Premchai Karnasuta talks to journalists in Bangkok on Wednesday (Photo: Simon Roughneen)

BANGKOK — “A gateway to Indochina and south China” and “a short-cut pioneer of global transformation”—that is how the Thai conglomerate responsible for developing the Dawei (known as Tavoy in Burma) port project in southern Burma described the complex in Bangkok on Wednesday.

Speaking at a conference organized by the Italian-Thai Development Public Company, which was selected to run the US $8 billion project on Nov. 2, 2010, the company’s president, Premchai Karnasuta, painted an impressive picture of what it will mean for Thailand and the region.

“When completed, Dawei will save time and money, cutting four to five days off import and export calendars,” said Premchai.

As things stand, Thailand’s overseas exports are sent around Singapore via the Strait of Malacca—a narrow and congested sea lane through which 50 percent of the world’s maritime trade passes—before being shipped to the West and elsewhere.

Three and a half years after the Burmese and Thai governments signed an agreement to jointly develop a port project at Tavoy in southern Burma’s Tenasserim Region, Italian-Thai is billing it as a major turning point for Burma and its more economically advanced neighbors.

If completed according to current plans, the facility will measure 250 square kilometers (100 square miles) and comprise deep-water harbor facilities, an oil refinery and an industrial estate—all linked by road to Thailand’s capital Bangkok, with transport infrastructure running alongside oil and gas pipelines.

“It could be the world’s biggest industrial estate,” said Somchet Thinaphong, the managing director of the Dawei Development Co Ltd, a subsidiary of Italian-Thai.

Officials from Thailand’s Ministry of Finance and National Economic and Social Development Board spoke of the project as a potential global fulcrum for trade, linking East and Southeast Asia to distant markets and investors, from India to the Persian Gulf and beyond.

The project’s backers hope to link into Chinese rail projects underway or proposed for mainland Southeast Asia, as well as port development plans close to Vietnam’s commercial capital, Ho Chi Minh City.

The Tavoy port and its oil and gas facilities could also provide a new route for energy supplies coming from the Middle East and Africa, akin to the pipeline being built to link the port of Kyaukpyu in western Burma’s Arakan State with Yunnan Province in southern China.

With this in mind, Somchet said the project would have “geo-economic and geopolitical implications,” highlighting the growing importance of the Indian Ocean in world affairs.

Though the details were left unexplained, it was claimed that the new project would also result in an increase in tourism for this remote part of Burma, which features pristine white-sand beaches.

The discussion made only passing reference to the social and environmental impact of the project, which some observers fear will be enormous.
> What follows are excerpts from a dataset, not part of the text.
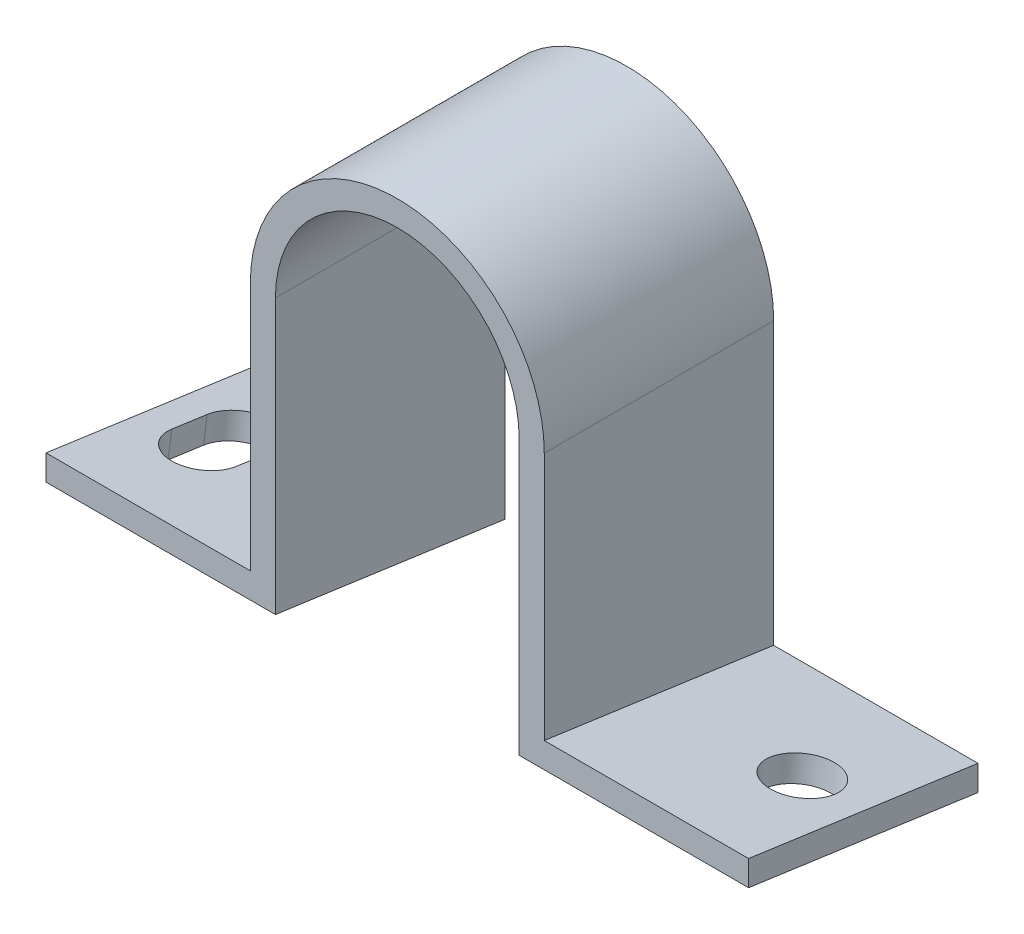
SolidWorks part; units mm, degrees
material "AISI 1010 钢，热轧条材"
ref_plane "前视基准面" through (0, 0, 0) normal (0, 0, 1) x (1, 0, 0)
ref_plane "上视基准面" through (0, 0, 0) normal (0, 1, 0) x (1, 0, 0)
ref_plane "右视基准面" through (0, 0, 0) normal (1, 0, 0) x (0, 0, -1)
sketch "草图1" plane through (0, 0, 0) normal (0, 0, 1) x (1, 0, 0)
  line L0 (-17, 0) -> (-17, -66.8639)
  line L1 (-20.5, 0) -> (-20.5, -66.8639)
  line L2 (-17, -66.8639) -> (-20.5, -66.8639)
  line L3 (0, 4.1737) -> (0, 50004.1737) construction
  line L4 (17, -66.8639) -> (20.5, -66.8639)
  line L5 (20.5, 0) -> (20.5, -66.8639)
  line L6 (17, 0) -> (17, -66.8639)
  arc A0 (17, 0) -> (-17, 0) centre (0, 0) ccw
  arc A1 (20.5, 0) -> (-20.5, 0) centre (0, 0) ccw
  circle A3 centre (0, 0) radius 20.5 construction
  circle A4 centre (0, 0) radius 17 construction
  point P4 (16.2572, 4.9703)
  point P15 (20.5, 0)
  dimension "D1" = 34
  dimension "D2" = 3.5
extrude "凸台-拉伸1" add sketch "草图1" along normal mid plane 32
sketch "草图2" plane through (0, 0, 0) normal (1, 0, 0) x (0, 0, -1)
  line L0 (0, 0) -> (50000, 0) construction
  line L1 (0, 0) -> (0, -50000) construction
  line L2 (29.9617, -44.7108) -> (0, -40.5) construction
  line L3 (16, -42.7487) -> (-16, -38.2513)
  line L4 (16, -66.8639) -> (16, 0) construction
  line L5 (-16, -66.8639) -> (-16, 0) construction
  line L6 (-16, -38.2513) -> (-16, -66.8639)
  line L7 (-16, -66.8639) -> (16, -66.8639)
  line L8 (16, -66.8639) -> (16, -42.7487)
  dimension "D1" = 8
  dimension "D2" = 40.5
extrude "切除-拉伸1" cut sketch "草图2" against normal mid plane 100
sketch "草图3" plane through (-20.5, 0, 0) normal (-1, 0, 0) x (0, 0, 1)
  line L0 (-16, -42.7487) -> (16, -38.2513)
  line L1 (-16, -39.2143) -> (16, -34.717)
  line L4 (-16, -42.7487) -> (-16, -39.2143)
  line L5 (16, -38.2513) -> (16, -34.717)
  line L7 (-16.4871, -39.2827) -> (15.5129, -34.7854) construction
  dimension "D1" = 3.5
extrude "凸台-拉伸2" add sketch "草图3" along normal blind 28.5
mirror "镜向1" about plane through (0, 0, 0) normal (1, 0, 0) of "凸台-拉伸2"
sketch "草图4" plane through (0, -36.2496, 5.0946) normal (0, 0.9903, -0.1392) x (1, 0, 0)
  line L0 (0, 0) -> (0, -50000) construction
  line L1 (-49, 5.1446) -> (49, 5.1446) construction
  line L2 (-49, -11.0126) -> (-49, 21.3019) construction
  line L3 (49, -11.0126) -> (49, 21.3019) construction
  line L4 (-40.5, 21.3019) -> (-40.5, -11.0126) construction
  line L5 (-49, 21.3019) -> (-20.5, 21.3019) construction
  line L6 (-49, -11.0126) -> (-20.5, -11.0126) construction
  line L7 (40.5, 21.3019) -> (40.5, -11.0126) construction
  line L8 (-36, 7.6446) -> (-36, 2.6446)
  line L9 (-45, 7.6446) -> (-45, 2.6446)
  arc A0 (-36, 7.6446) -> (-45, 7.6446) centre (-40.5, 7.6446) ccw
  arc A1 (-45, 2.6446) -> (-36, 2.6446) centre (-40.5, 2.6446) ccw
  circle A2 centre (40.5, 5.1446) radius 4.5
  dimension "D2" = 9
  dimension "D4" = 9
  dimension "D1" = 81
  dimension "D3" = 5
extrude "切除-拉伸2" cut sketch "草图4" against normal blind 28.5

Speaking to journalists and others in attendance today, the developers cited only plans for a waste-water management system as part of a proposed gated-community-style residence for workers who will move to Tavoy once the project is fully operational.

However, in its promotional literature, Dawei Development Co discussed a relocation plan for Burmese residents of the area who will be affected by the project, saying that “the relocation assessment plan will be conducted with the support of the Myanmar [Burmese] Government” and will be “developed with the local people based on a two-way communication scheme.”

Italian-Thai estimated that the project could generate 100,000 jobs, and officials today said that one of the attractions of Burma was its low-cost labor force, described as “the cheapest in Asia, even less than in Bangladesh.”

Despite being listed as the opening speaker, Burma’s ambassador to Thailand, Aung Thein, did not address today’s event, leaving the entire discussion to Thai representatives.

Among the issues discussed was the Dawei Special Economic Zone Law, which was promulgated by the Burmese regime on Jan. 27. The law aims to create a China-style foreign investment magnet around Tavoy, promising tax breaks for companies as well as speedy work- and trade-permit facilitation, and a promise from the Burmese government not to nationalize any industry or project established in the special economic zone.

Consultancy firm KPMG gave an overview of the legal context for investment in Burma, including a list of restrictions on foreign investment. However, no mention was made of Western sanctions on Burma, some of which prohibit investment in the country.

On the contrary, Premchai said that Burma is “beginning to open up,” adding that the Tavoy project “will help bring the country more investment.”